Abstract
Relation extraction (RE) is a well-known NLP application often treated as a sentence or document-level task. However, a handful of recent efforts explore it across documents or in the cross-document setting (CrossDocRE). This is distinct from the single document case because different documents often focus on disparate themes, while text within a document tends to have a single goal. Current CrossDocRE efforts do not consider domain knowledge, which are often assumed to be known to the reader when documents are authored.

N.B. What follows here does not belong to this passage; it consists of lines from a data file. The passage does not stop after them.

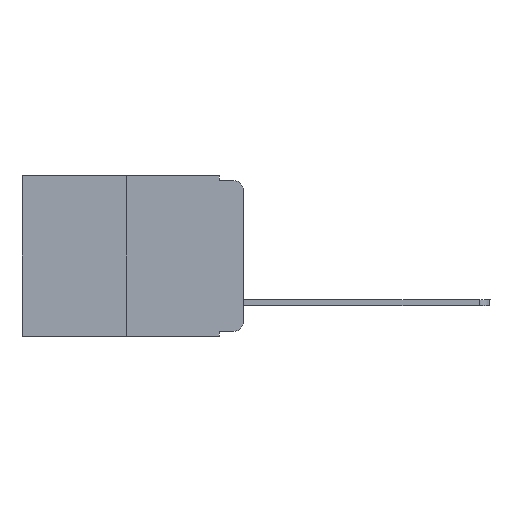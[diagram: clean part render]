
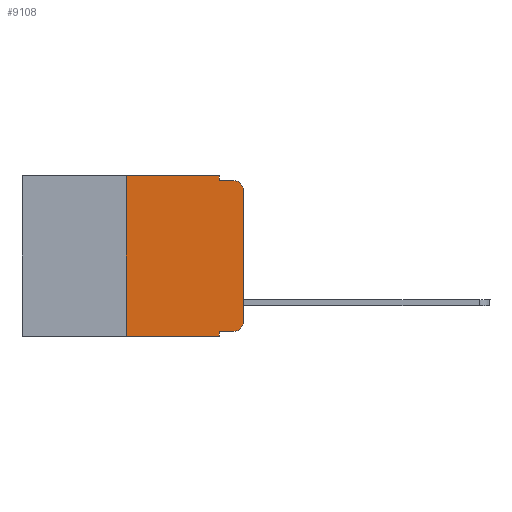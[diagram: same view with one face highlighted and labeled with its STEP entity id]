
A CAD part, left-side view. The second image highlights one B-rep face of the part: STEP entity #9108.
In plain terms, the highlighted planar face has unit normal (-1, 0, 0).
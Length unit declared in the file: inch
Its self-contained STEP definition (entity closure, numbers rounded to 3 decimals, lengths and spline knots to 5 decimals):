
#162 = VECTOR ( 'NONE', #4999, 39.37008 ) ;
#384 = CARTESIAN_POINT ( 'NONE',  ( 0., 0.051, 0. ) ) ;
#448 = CARTESIAN_POINT ( 'NONE',  ( 0., 0., -0.03 ) ) ;
#587 = DIRECTION ( 'NONE',  ( 0., 0., -1. ) ) ;
#726 = EDGE_CURVE ( 'NONE', #5899, #5076, #4093, .T. ) ;
#750 = PLANE ( 'NONE',  #9065 ) ;
#1069 = EDGE_CURVE ( 'NONE', #1463, #5834, #2292, .T. ) ;
#1142 = ORIENTED_EDGE ( 'NONE', *, *, #4509, .T. ) ;
#1204 = ORIENTED_EDGE ( 'NONE', *, *, #5185, .F. ) ;
#1346 = CARTESIAN_POINT ( 'NONE',  ( 0., 0., 0. ) ) ;
#1401 = VECTOR ( 'NONE', #4560, 39.37008 ) ;
#1410 = VERTEX_POINT ( 'NONE', #4173 ) ;
#1463 = VERTEX_POINT ( 'NONE', #2821 ) ;
#1529 = ORIENTED_EDGE ( 'NONE', *, *, #3494, .F. ) ;
#1621 = EDGE_LOOP ( 'NONE', ( #1142, #6269, #1204, #1529, #8514, #3897, #4791, #4823, #9565, #2854 ) ) ;
#1678 = LINE ( 'NONE', #6449, #6657 ) ;
#1695 = DIRECTION ( 'NONE',  ( 1., 0., 0. ) ) ;
#1787 = LINE ( 'NONE', #4942, #2537 ) ;
#1855 = LINE ( 'NONE', #8904, #162 ) ;
#2292 = CIRCLE ( 'NONE', #3763, 0.02 ) ;
#2537 = VECTOR ( 'NONE', #8152, 39.37008 ) ;
#2821 = CARTESIAN_POINT ( 'NONE',  ( 0., 0.02, -0.333 ) ) ;
#2854 = ORIENTED_EDGE ( 'NONE', *, *, #1069, .T. ) ;
#2891 = LINE ( 'NONE', #10153, #7219 ) ;
#2918 = AXIS2_PLACEMENT_3D ( 'NONE', #4657, #7026, #3041 ) ;
#2968 = CARTESIAN_POINT ( 'NONE',  ( 0., 0.051, 0. ) ) ;
#3041 = DIRECTION ( 'NONE',  ( 0., 0., -1. ) ) ;
#3105 = VERTEX_POINT ( 'NONE', #8241 ) ;
#3161 = CARTESIAN_POINT ( 'NONE',  ( 0., 0.25, -0.343 ) ) ;
#3192 = EDGE_CURVE ( 'NONE', #3105, #1463, #5277, .T. ) ;
#3494 = EDGE_CURVE ( 'NONE', #6851, #1410, #4138, .T. ) ;
#3763 = AXIS2_PLACEMENT_3D ( 'NONE', #5204, #8368, #9215 ) ;
#3897 = ORIENTED_EDGE ( 'NONE', *, *, #6439, .F. ) ;
#3918 = CARTESIAN_POINT ( 'NONE',  ( 0., 0.473, 0. ) ) ;
#4093 = CIRCLE ( 'NONE', #2918, 0.02 ) ;
#4138 = LINE ( 'NONE', #384, #7128 ) ;
#4173 = CARTESIAN_POINT ( 'NONE',  ( 0., 0.051, -0.01 ) ) ;
#4235 = CARTESIAN_POINT ( 'NONE',  ( 0., 0.051, -0.343 ) ) ;
#4369 = VERTEX_POINT ( 'NONE', #7417 ) ;
#4460 = EDGE_CURVE ( 'NONE', #5650, #5203, #6168, .T. ) ;
#4509 = EDGE_CURVE ( 'NONE', #5834, #5899, #6118, .T. ) ;
#4560 = DIRECTION ( 'NONE',  ( 0., 0., 1. ) ) ;
#4619 = CARTESIAN_POINT ( 'NONE',  ( 0., 0.473, -0.343 ) ) ;
#4657 = CARTESIAN_POINT ( 'NONE',  ( 0., 0.02, -0.03 ) ) ;
#4791 = ORIENTED_EDGE ( 'NONE', *, *, #4460, .T. ) ;
#4823 = ORIENTED_EDGE ( 'NONE', *, *, #4847, .F. ) ;
#4847 = EDGE_CURVE ( 'NONE', #3105, #5203, #2891, .T. ) ;
#4942 = CARTESIAN_POINT ( 'NONE',  ( 0., 0.25, 0. ) ) ;
#4999 = DIRECTION ( 'NONE',  ( 0., -1., 0. ) ) ;
#5076 = VERTEX_POINT ( 'NONE', #6316 ) ;
#5185 = EDGE_CURVE ( 'NONE', #1410, #5076, #1855, .T. ) ;
#5203 = VERTEX_POINT ( 'NONE', #4235 ) ;
#5204 = CARTESIAN_POINT ( 'NONE',  ( 0., 0.02, -0.313 ) ) ;
#5234 = EDGE_CURVE ( 'NONE', #4369, #6851, #1678, .T. ) ;
#5277 = LINE ( 'NONE', #6887, #9358 ) ;
#5650 = VERTEX_POINT ( 'NONE', #3161 ) ;
#5834 = VERTEX_POINT ( 'NONE', #9903 ) ;
#5899 = VERTEX_POINT ( 'NONE', #448 ) ;
#6118 = LINE ( 'NONE', #1346, #1401 ) ;
#6168 = LINE ( 'NONE', #4619, #8022 ) ;
#6269 = ORIENTED_EDGE ( 'NONE', *, *, #726, .T. ) ;
#6316 = CARTESIAN_POINT ( 'NONE',  ( 0., 0.02, -0.01 ) ) ;
#6362 = FACE_OUTER_BOUND ( 'NONE', #1621, .T. ) ;
#6439 = EDGE_CURVE ( 'NONE', #5650, #4369, #1787, .T. ) ;
#6449 = CARTESIAN_POINT ( 'NONE',  ( 0., 0.473, 0. ) ) ;
#6657 = VECTOR ( 'NONE', #8834, 39.37008 ) ;
#6851 = VERTEX_POINT ( 'NONE', #2968 ) ;
#6887 = CARTESIAN_POINT ( 'NONE',  ( 0., 0.051, -0.333 ) ) ;
#7026 = DIRECTION ( 'NONE',  ( -1., 0., 0. ) ) ;
#7081 = DIRECTION ( 'NONE',  ( 0., 0., -1. ) ) ;
#7128 = VECTOR ( 'NONE', #8223, 39.37008 ) ;
#7219 = VECTOR ( 'NONE', #587, 39.37008 ) ;
#7417 = CARTESIAN_POINT ( 'NONE',  ( 0., 0.25, 0. ) ) ;
#7771 = DIRECTION ( 'NONE',  ( 0., -1., 0. ) ) ;
#8022 = VECTOR ( 'NONE', #7771, 39.37008 ) ;
#8152 = DIRECTION ( 'NONE',  ( 0., 0., 1. ) ) ;
#8223 = DIRECTION ( 'NONE',  ( 0., 0., -1. ) ) ;
#8241 = CARTESIAN_POINT ( 'NONE',  ( 0., 0.051, -0.333 ) ) ;
#8344 = DIRECTION ( 'NONE',  ( 0., -1., 0. ) ) ;
#8368 = DIRECTION ( 'NONE',  ( -1., 0., 0. ) ) ;
#8514 = ORIENTED_EDGE ( 'NONE', *, *, #5234, .F. ) ;
#8834 = DIRECTION ( 'NONE',  ( 0., -1., 0. ) ) ;
#8904 = CARTESIAN_POINT ( 'NONE',  ( 0., 0.051, -0.01 ) ) ;
#9065 = AXIS2_PLACEMENT_3D ( 'NONE', #3918, #1695, #7081 ) ;
#9108 = ADVANCED_FACE ( 'NONE', ( #6362 ), #750, .F. ) ;
#9215 = DIRECTION ( 'NONE',  ( 0., 0., -1. ) ) ;
#9358 = VECTOR ( 'NONE', #8344, 39.37008 ) ;
#9565 = ORIENTED_EDGE ( 'NONE', *, *, #3192, .T. ) ;
#9903 = CARTESIAN_POINT ( 'NONE',  ( 0., 0., -0.313 ) ) ;
#10153 = CARTESIAN_POINT ( 'NONE',  ( 0., 0.051, 0. ) ) ;

Here, we propose a novel approach, KXDocRE, that embed domain knowledge of entities with input text for cross-document RE. Our proposed framework has three main benefits over baselines: 1) it incorporates domain knowledge of entities along with documents' text; 2) it offers interpretability by producing explanatory text for predicted relations between entities 3) it improves performance over the prior methods. Code and models are available at https://github.com/kracr/cross-doc-relation-extraction.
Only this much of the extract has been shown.